▸ **YOUR OBJECTIVE**
The data below holds a line containing "H 4738 1300" and a line containing "V 7530 2150"; please quote exactly those two lines and every line between them, and nothing else.

Segment Start: PROVIDED MATERIAL

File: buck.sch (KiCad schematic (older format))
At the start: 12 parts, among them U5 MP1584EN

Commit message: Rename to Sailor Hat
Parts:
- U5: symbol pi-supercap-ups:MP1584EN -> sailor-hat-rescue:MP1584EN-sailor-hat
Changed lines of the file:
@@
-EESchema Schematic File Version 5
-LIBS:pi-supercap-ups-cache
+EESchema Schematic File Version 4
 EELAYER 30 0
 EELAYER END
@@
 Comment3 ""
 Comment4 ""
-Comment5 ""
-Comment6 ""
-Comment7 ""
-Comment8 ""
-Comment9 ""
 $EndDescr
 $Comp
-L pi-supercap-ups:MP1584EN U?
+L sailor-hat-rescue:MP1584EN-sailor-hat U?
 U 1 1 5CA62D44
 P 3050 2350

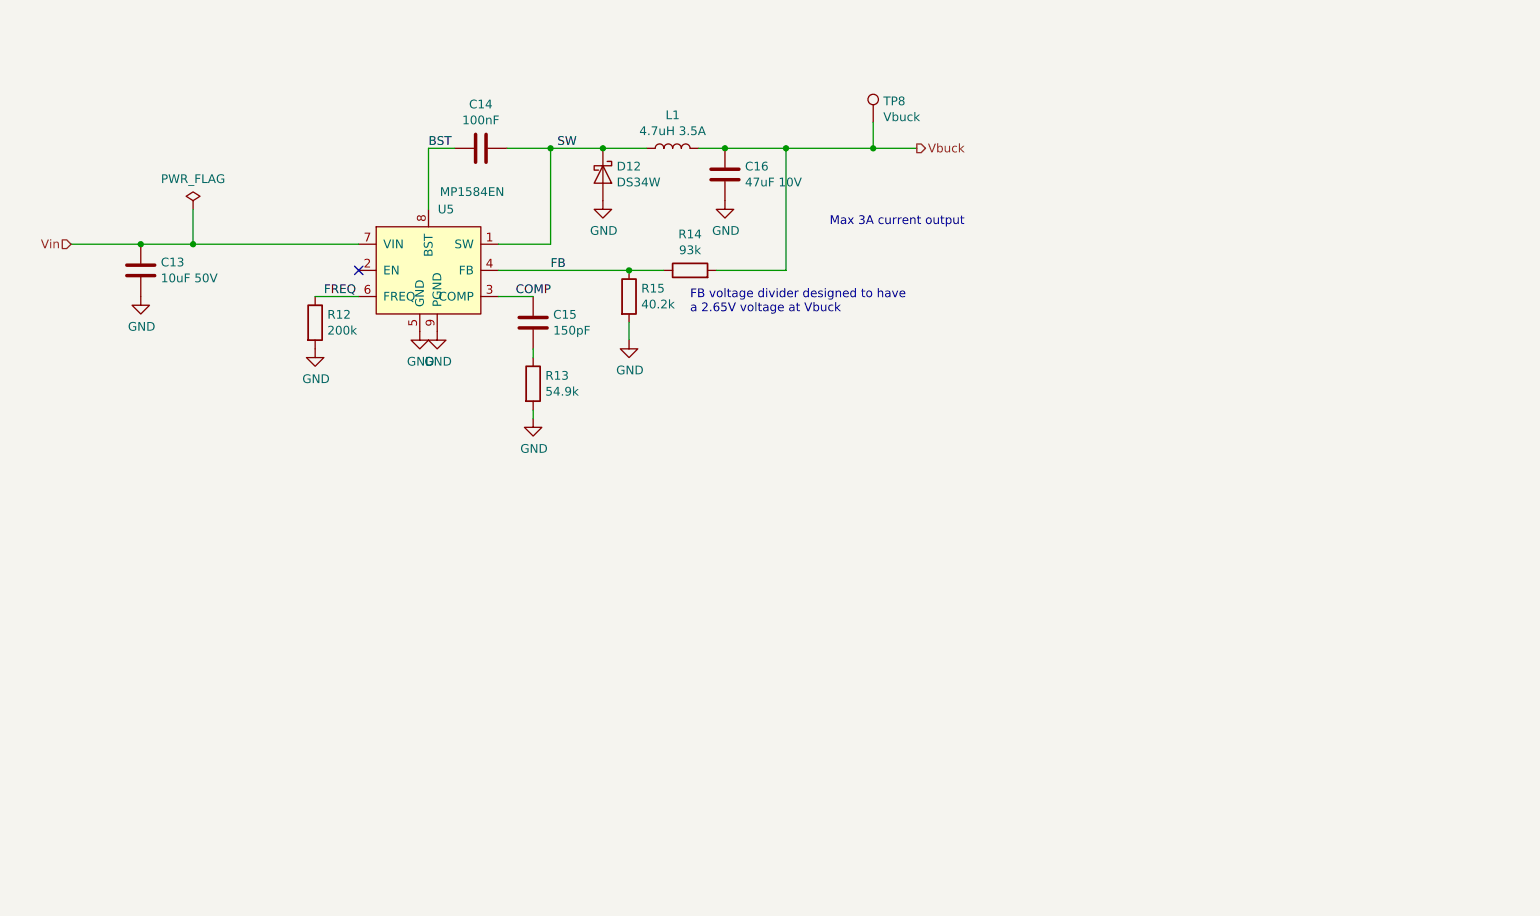
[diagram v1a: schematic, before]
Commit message: Implement better current limiting
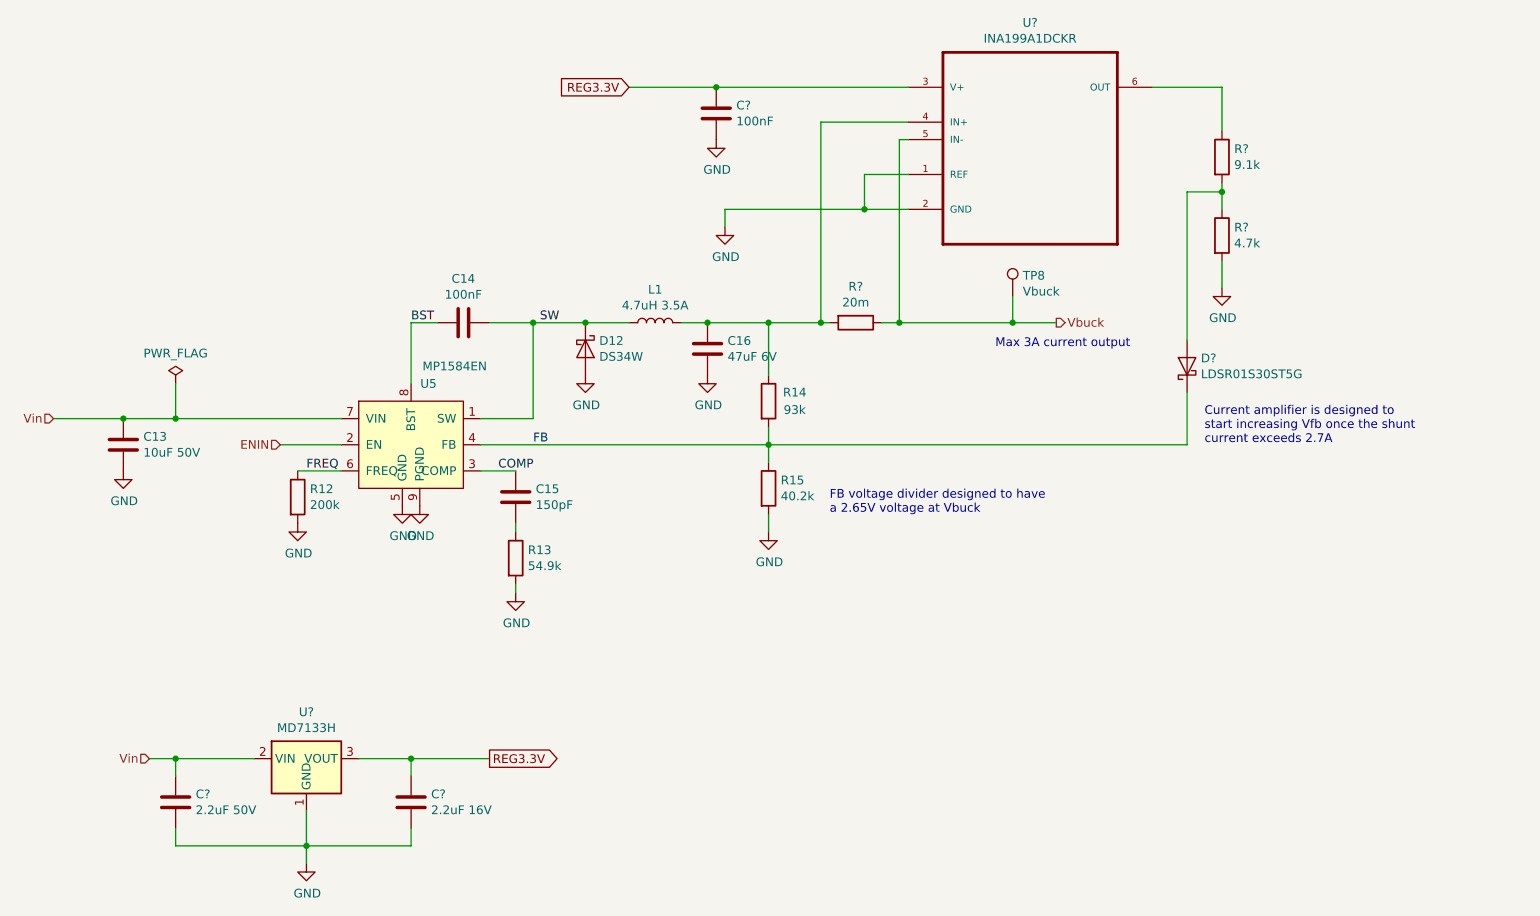
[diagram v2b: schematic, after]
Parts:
- added C?: 100nF, symbol Device:C
- added C?: 2.2uF 50V, symbol Device:C
- added C?: 2.2uF 16V, symbol Device:C
- added D?: LDSR01S30ST5G, symbol Device:D_Schottky
- added R?: 20m, symbol Device:R
- added R?: 9.1k, symbol Device:R
- added R?: 4.7k, symbol Device:R
- added U?: INA199A1DCKR, SOT65P210X110-6N, symbol sailor-hat:INA199A1DCKR
- added U?: MD7133H, Package_TO_SOT_SMD:SOT-89-3, symbol Regulator_Linear:HT75xx-1-SOT89
- C16: value 47uF 10V -> 47uF 6V
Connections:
- net FB: now also R14.2, D?.1 (K); no longer R14.1
- net GND: now also C?.2, C?.2, C?.2, R?.2, U?.1 (GND), U?.1 (REF), U?.2 (GND)
- net Vbuck: now also R?.1, U?.5 (IN-); no longer C16.1, L1.2, R14.2
- net Vin: now also C?.1, U?.2 (VIN)
- net ENIN: now reaches U5.2 (EN)
- new net: C16.1, L1.2, R14.1, R?.2, U?.4 (IN+)
- new net: R?.1, U?.6 (OUT)
- new net: D?.2 (A), R?.1, R?.2
- new net REG3.3V: C?.1, C?.1, U?.3 (V+), U?.3 (VOUT)
- no-connect marks 1 -> 0
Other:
- note added: "Current amplifier is designed to\nstart increasing Vfb once the shunt\ncurrent exceeds 2.7A"
- moved on the sheet: C13, C14, C15, C16, D12, L1, R12, R13, R14, R15, TP8, U5

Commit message: Add test points for new features
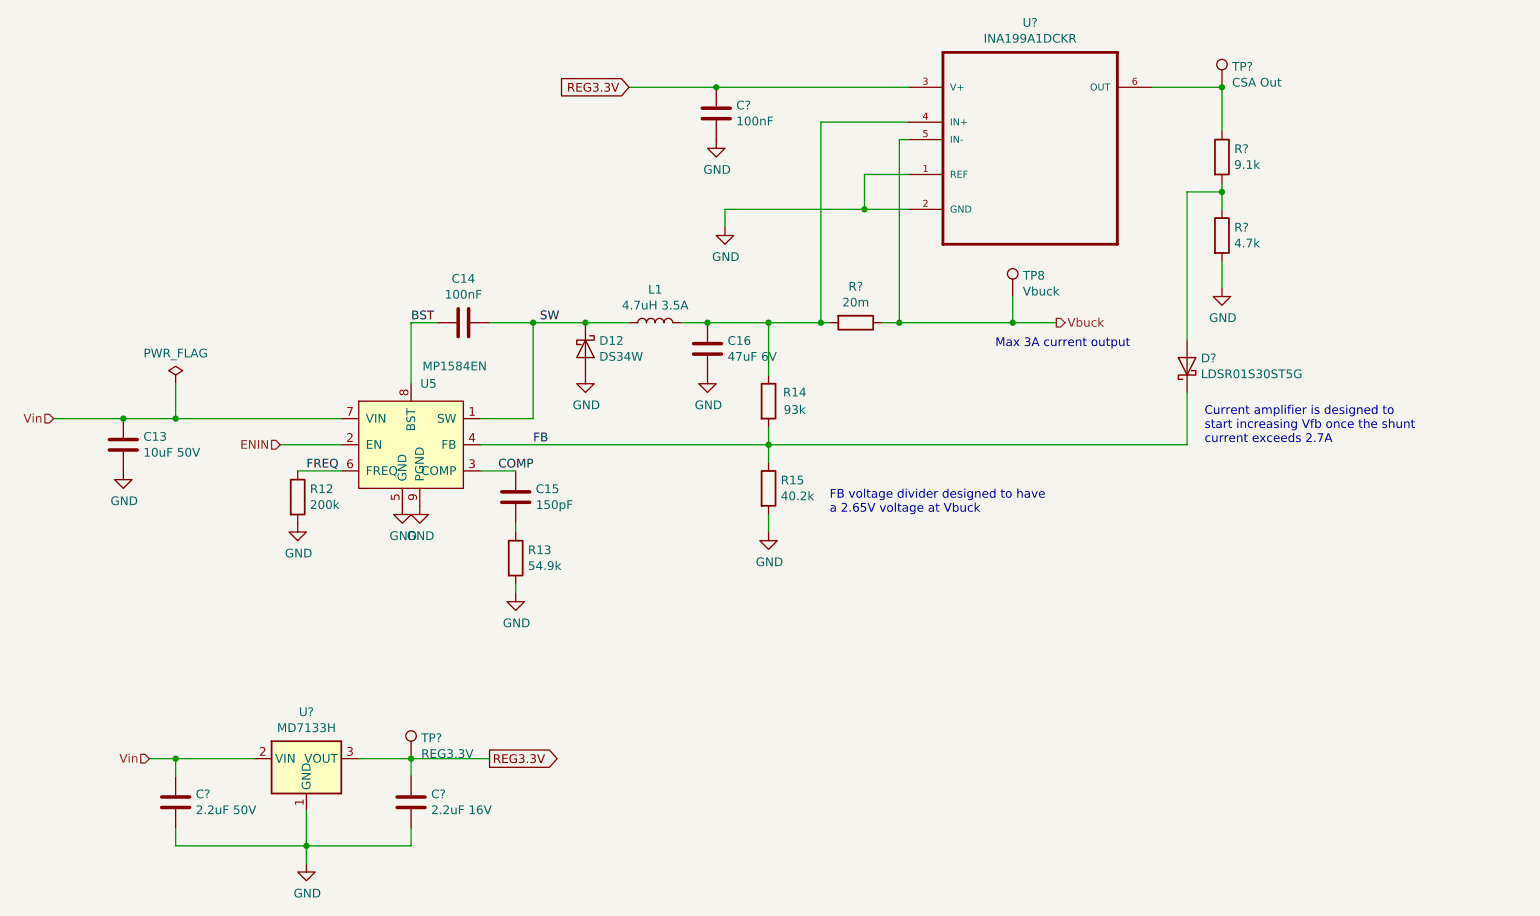
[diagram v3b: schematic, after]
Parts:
- added TP?: CSA Out, symbol Connector:TestPoint
- added TP?: REG3.3V, symbol Connector:TestPoint
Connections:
- net REG3.3V: now also TP?.1
- net at R?.1, U?.6 (OUT): now also TP?.1
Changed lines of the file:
@@
 Wire Wire Line
 	2200 3350 2550 3350
+$Comp
+L Connector:TestPoint TP?
+U 1 1 5E2A7700
+P 7600 1300
+F 0 "TP?" H 7658 1418 50  0000 L CNN
+F 1 "CSA Out" H 7658 1327 50  0000 L CNN
+F 2 "" H 7800 1300 50  0001 C CNN
+F 3 "~" H 7800 1300 50  0001 C CNN
+	1    7600 1300
+	1    0    0    -1
+$EndComp
+Connection ~ 7600 1300
+$Comp
+L Connector:TestPoint TP?
+U 1 1 5E2A8B09
+P 2950 5150
+F 0 "TP?" H 3008 5268 50  0000 L CNN
+F 1 "REG3.3V" H 3008 5177 50  0000 L CNN
+F 2 "" H 3150 5150 50  0001 C CNN
+F 3 "~" H 3150 5150 50  0001 C CNN
+	1    2950 5150
+	1    0    0    -1
+$EndComp
 $EndSCHEMATC

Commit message: Annotate and tweak power flags
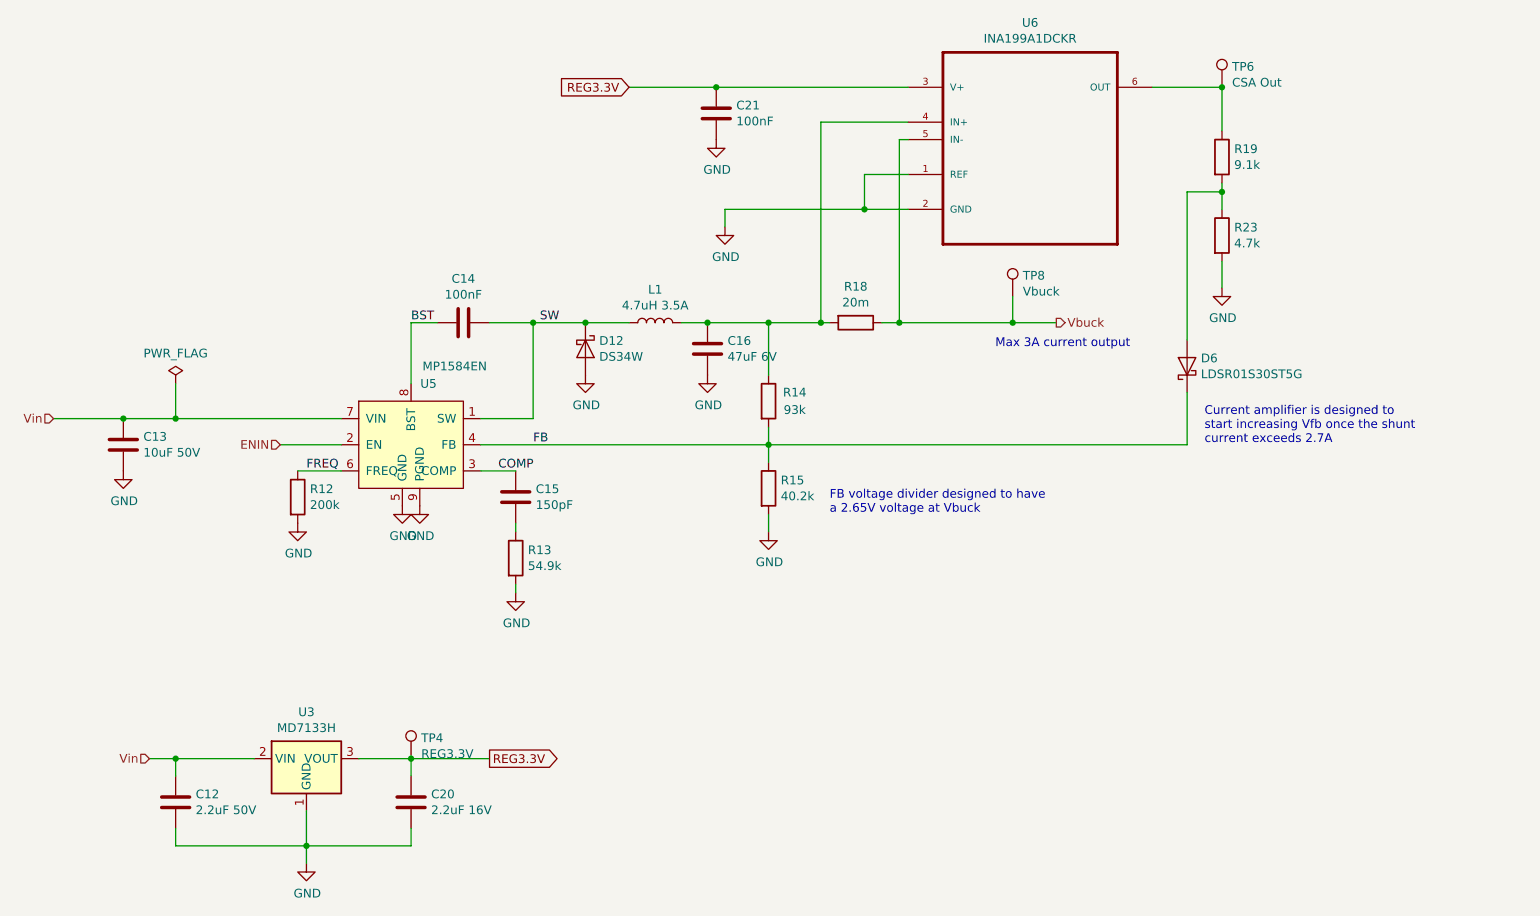
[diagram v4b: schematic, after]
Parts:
- gave numbers to parts that had none: 11
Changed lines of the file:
@@
 Connection ~ 5000 3350
 $Comp
-L sailor-hat:INA199A1DCKR U?
+L sailor-hat:INA199A1DCKR U6
 U 1 1 5E255BE6
 P 6500 1500
-F 0 "U?" H 6500 2070 50  0000 C CNN
+F 0 "U6" H 6500 2070 50  0000 C CNN
 F 1 "INA199A1DCKR" H 6500 1979 50  0000 C CNN
 F 2 "SOT65P210X110-6N" H 6500 1500 50  0001 L BNN
@@
 AR Path="/5E266404" Ref="#PWR?"  Part="1"
 AR Path="/5C3476D8/5E266404" Ref="#PWR?"  Part="1"
-AR Path="/5CA65CC5/5E266404" Ref="#PWR?"  Part="1"
-F 0 "#PWR?" H 4750 1850 50  0001 C CNN
+AR Path="/5CA65CC5/5E266404" Ref="#PWR052"  Part="1"
+F 0 "#PWR052" H 4750 1850 50  0001 C CNN
 F 1 "GND" H 4755 1927 50  0000 C CNN
 F 2 "" H 4750 2100 50  0001 C CNN
@@
 	4750 2000 5550 2000
 $Comp
-L Device:C C?
+L Device:C C21
 U 1 1 5E2673D4
 P 4700 1450
-F 0 "C?" H 4815 1496 50  0000 L CNN
+F 0 "C21" H 4815 1496 50  0000 L CNN
 F 1 "100nF" H 4815 1405 50  0000 L CNN
 F 2 "" H 4738 1300 50  0001 C CNN
@@
 AR Path="/5E268125" Ref="#PWR?"  Part="1"
 AR Path="/5C3476D8/5E268125" Ref="#PWR?"  Part="1"
-AR Path="/5CA65CC5/5E268125" Ref="#PWR?"  Part="1"
-F 0 "#PWR?" H 4700 1350 50  0001 C CNN
+AR Path="/5CA65CC5/5E268125" Ref="#PWR051"  Part="1"
+F 0 "#PWR051" H 4700 1350 50  0001 C CNN
 F 1 "GND" H 4705 1427 50  0000 C CNN
 F 2 "" H 4700 1600 50  0001 C CNN
@@
 	5550 2000 5800 2000
 $Comp
-L Device:R R?
+L Device:R R18
 U 1 1 5E26BA09
 P 5500 2650
-F 0 "R?" V 5293 2650 50  0000 C CNN
+F 0 "R18" V 5293 2650 50  0000 C CNN
 F 1 "20m" V 5384 2650 50  0000 C CNN
 F 2 "" V 5430 2650 50  0001 C CNN
@@
 	7400 3350 5000 3350
 $Comp
-L Device:R R?
+L Device:R R19
 U 1 1 5E26E2D4
 P 7600 1700
-F 0 "R?" H 7670 1746 50  0000 L CNN
+F 0 "R19" H 7670 1746 50  0000 L CNN
 F 1 "9.1k" H 7670 1655 50  0000 L CNN
 F 2 "" V 7530 1700 50  0001 C CNN
@@
 $EndComp
 $Comp
-L Device:R R?
+L Device:R R23
 U 1 1 5E2701E7
 P 7600 2150
-F 0 "R?" H 7670 2196 50  0000 L CNN
+F 0 "R23" H 7670 2196 50  0000 L CNN
 F 1 "4.7k" H 7670 2105 50  0000 L CNN
 F 2 "" V 7530 2150 50  0001 C CNN
@@
 $EndComp
 $Comp
-L Device:D_Schottky D?
+L Device:D_Schottky D6
 U 1 1 5E271FB2
 P 7400 2900
-F 0 "D?" V 7446 2821 50  0000 R CNN
+F 0 "D6" V 7446 2821 50  0000 R CNN
 F 1 "LDSR01S30ST5G" V 7355 2821 50  0000 R CNN
 F 2 "" H 7400 2900 50  0001 C CNN
@@
 AR Path="/5E27269A" Ref="#PWR?"  Part="1"
 AR Path="/5C3476D8/5E27269A" Ref="#PWR?"  Part="1"
-AR Path="/5CA65CC5/5E27269A" Ref="#PWR?"  Part="1"
-F 0 "#PWR?" H 7600 2200 50  0001 C CNN
+AR Path="/5CA65CC5/5E27269A" Ref="#PWR053"  Part="1"
+F 0 "#PWR053" H 7600 2200 50  0001 C CNN
 F 1 "GND" H 7605 2277 50  0000 C CNN
 F 2 "" H 7600 2450 50  0001 C CNN
@@
 	4700 1300 5800 1300
 $Comp
-L Regulator_Linear:HT75xx-1-SOT89 U?
+L Regulator_Linear:HT75xx-1-SOT89 U3
 U 1 1 5E27841B
 P 2350 5250
-F 0 "U?" H 2350 5617 50  0000 C CNN
+F 0 "U3" H 2350 5617 50  0000 C CNN
 F 1 "MD7133H" H 2350 5526 50  0000 C CNN
 F 2 "Package_TO_SOT_SMD:SOT-89-3" H 2350 5575 50  0001 C CIN
@@
 $EndComp
 $Comp
-L Device:C C?
+L Device:C C12
 U 1 1 5E278894
 P 1600 5400
-F 0 "C?" H 1715 5446 50  0000 L CNN
+F 0 "C12" H 1715 5446 50  0000 L CNN
 F 1 "2.2uF 50V" H 1715 5355 50  0000 L CNN
 F 2 "" H 1638 5250 50  0001 C CNN
@@
 $EndComp
 $Comp
-L Device:C C?
+L Device:C C20
 U 1 1 5E278F8C
 P 2950 5400
-F 0 "C?" H 3065 5446 50  0000 L CNN
+F 0 "C20" H 3065 5446 50  0000 L CNN
 F 1 "2.2uF 16V" H 3065 5355 50  0000 L CNN
 F 2 "" H 2988 5250 50  0001 C CNN
@@
 	2350 5750 2350 5650
 $Comp
-L power:GND #PWR?
+L power:GND #PWR048
 U 1 1 5E27DCC7
 P 2350 5750
-F 0 "#PWR?" H 2350 5500 50  0001 C CNN
+F 0 "#PWR048" H 2350 5500 50  0001 C CNN
 F 1 "GND" H 2355 5577 50  0000 C CNN
 F 2 "" H 2350 5750 50  0001 C CNN
@@
 	2200 3350 2550 3350
 $Comp
-L Connector:TestPoint TP?
+L Connector:TestPoint TP6
 U 1 1 5E2A7700
 P 7600 1300
-F 0 "TP?" H 7658 1418 50  0000 L CNN
+F 0 "TP6" H 7658 1418 50  0000 L CNN
 F 1 "CSA Out" H 7658 1327 50  0000 L CNN
 F 2 "" H 7800 1300 50  0001 C CNN
@@
 Connection ~ 7600 1300
 $Comp
-L Connector:TestPoint TP?
+L Connector:TestPoint TP4
 U 1 1 5E2A8B09
 P 2950 5150
-F 0 "TP?" H 3008 5268 50  0000 L CNN
+F 0 "TP4" H 3008 5268 50  0000 L CNN
 F 1 "REG3.3V" H 3008 5177 50  0000 L CNN
 F 2 "" H 3150 5150 50  0001 C CNN

Segment End: PROVIDED MATERIAL

▸ **ANSWER FOR THE TASK**
 F 2 "" H 4738 1300 50  0001 C CNN
@@
 AR Path="/5E268125" Ref="#PWR?"  Part="1"
 AR Path="/5C3476D8/5E268125" Ref="#PWR?"  Part="1"
-AR Path="/5CA65CC5/5E268125" Ref="#PWR?"  Part="1"
-F 0 "#PWR?" H 4700 1350 50  0001 C CNN
+AR Path="/5CA65CC5/5E268125" Ref="#PWR051"  Part="1"
+F 0 "#PWR051" H 4700 1350 50  0001 C CNN
 F 1 "GND" H 4705 1427 50  0000 C CNN
 F 2 "" H 4700 1600 50  0001 C CNN
@@
 	5550 2000 5800 2000
 $Comp
-L Device:R R?
+L Device:R R18
 U 1 1 5E26BA09
 P 5500 2650
-F 0 "R?" V 5293 2650 50  0000 C CNN
+F 0 "R18" V 5293 2650 50  0000 C CNN
 F 1 "20m" V 5384 2650 50  0000 C CNN
 F 2 "" V 5430 2650 50  0001 C CNN
@@
 	7400 3350 5000 3350
 $Comp
-L Device:R R?
+L Device:R R19
 U 1 1 5E26E2D4
 P 7600 1700
-F 0 "R?" H 7670 1746 50  0000 L CNN
+F 0 "R19" H 7670 1746 50  0000 L CNN
 F 1 "9.1k" H 7670 1655 50  0000 L CNN
 F 2 "" V 7530 1700 50  0001 C CNN
@@
 $EndComp
 $Comp
-L Device:R R?
+L Device:R R23
 U 1 1 5E2701E7
 P 7600 2150
-F 0 "R?" H 7670 2196 50  0000 L CNN
+F 0 "R23" H 7670 2196 50  0000 L CNN
 F 1 "4.7k" H 7670 2105 50  0000 L CNN
 F 2 "" V 7530 2150 50  0001 C CNN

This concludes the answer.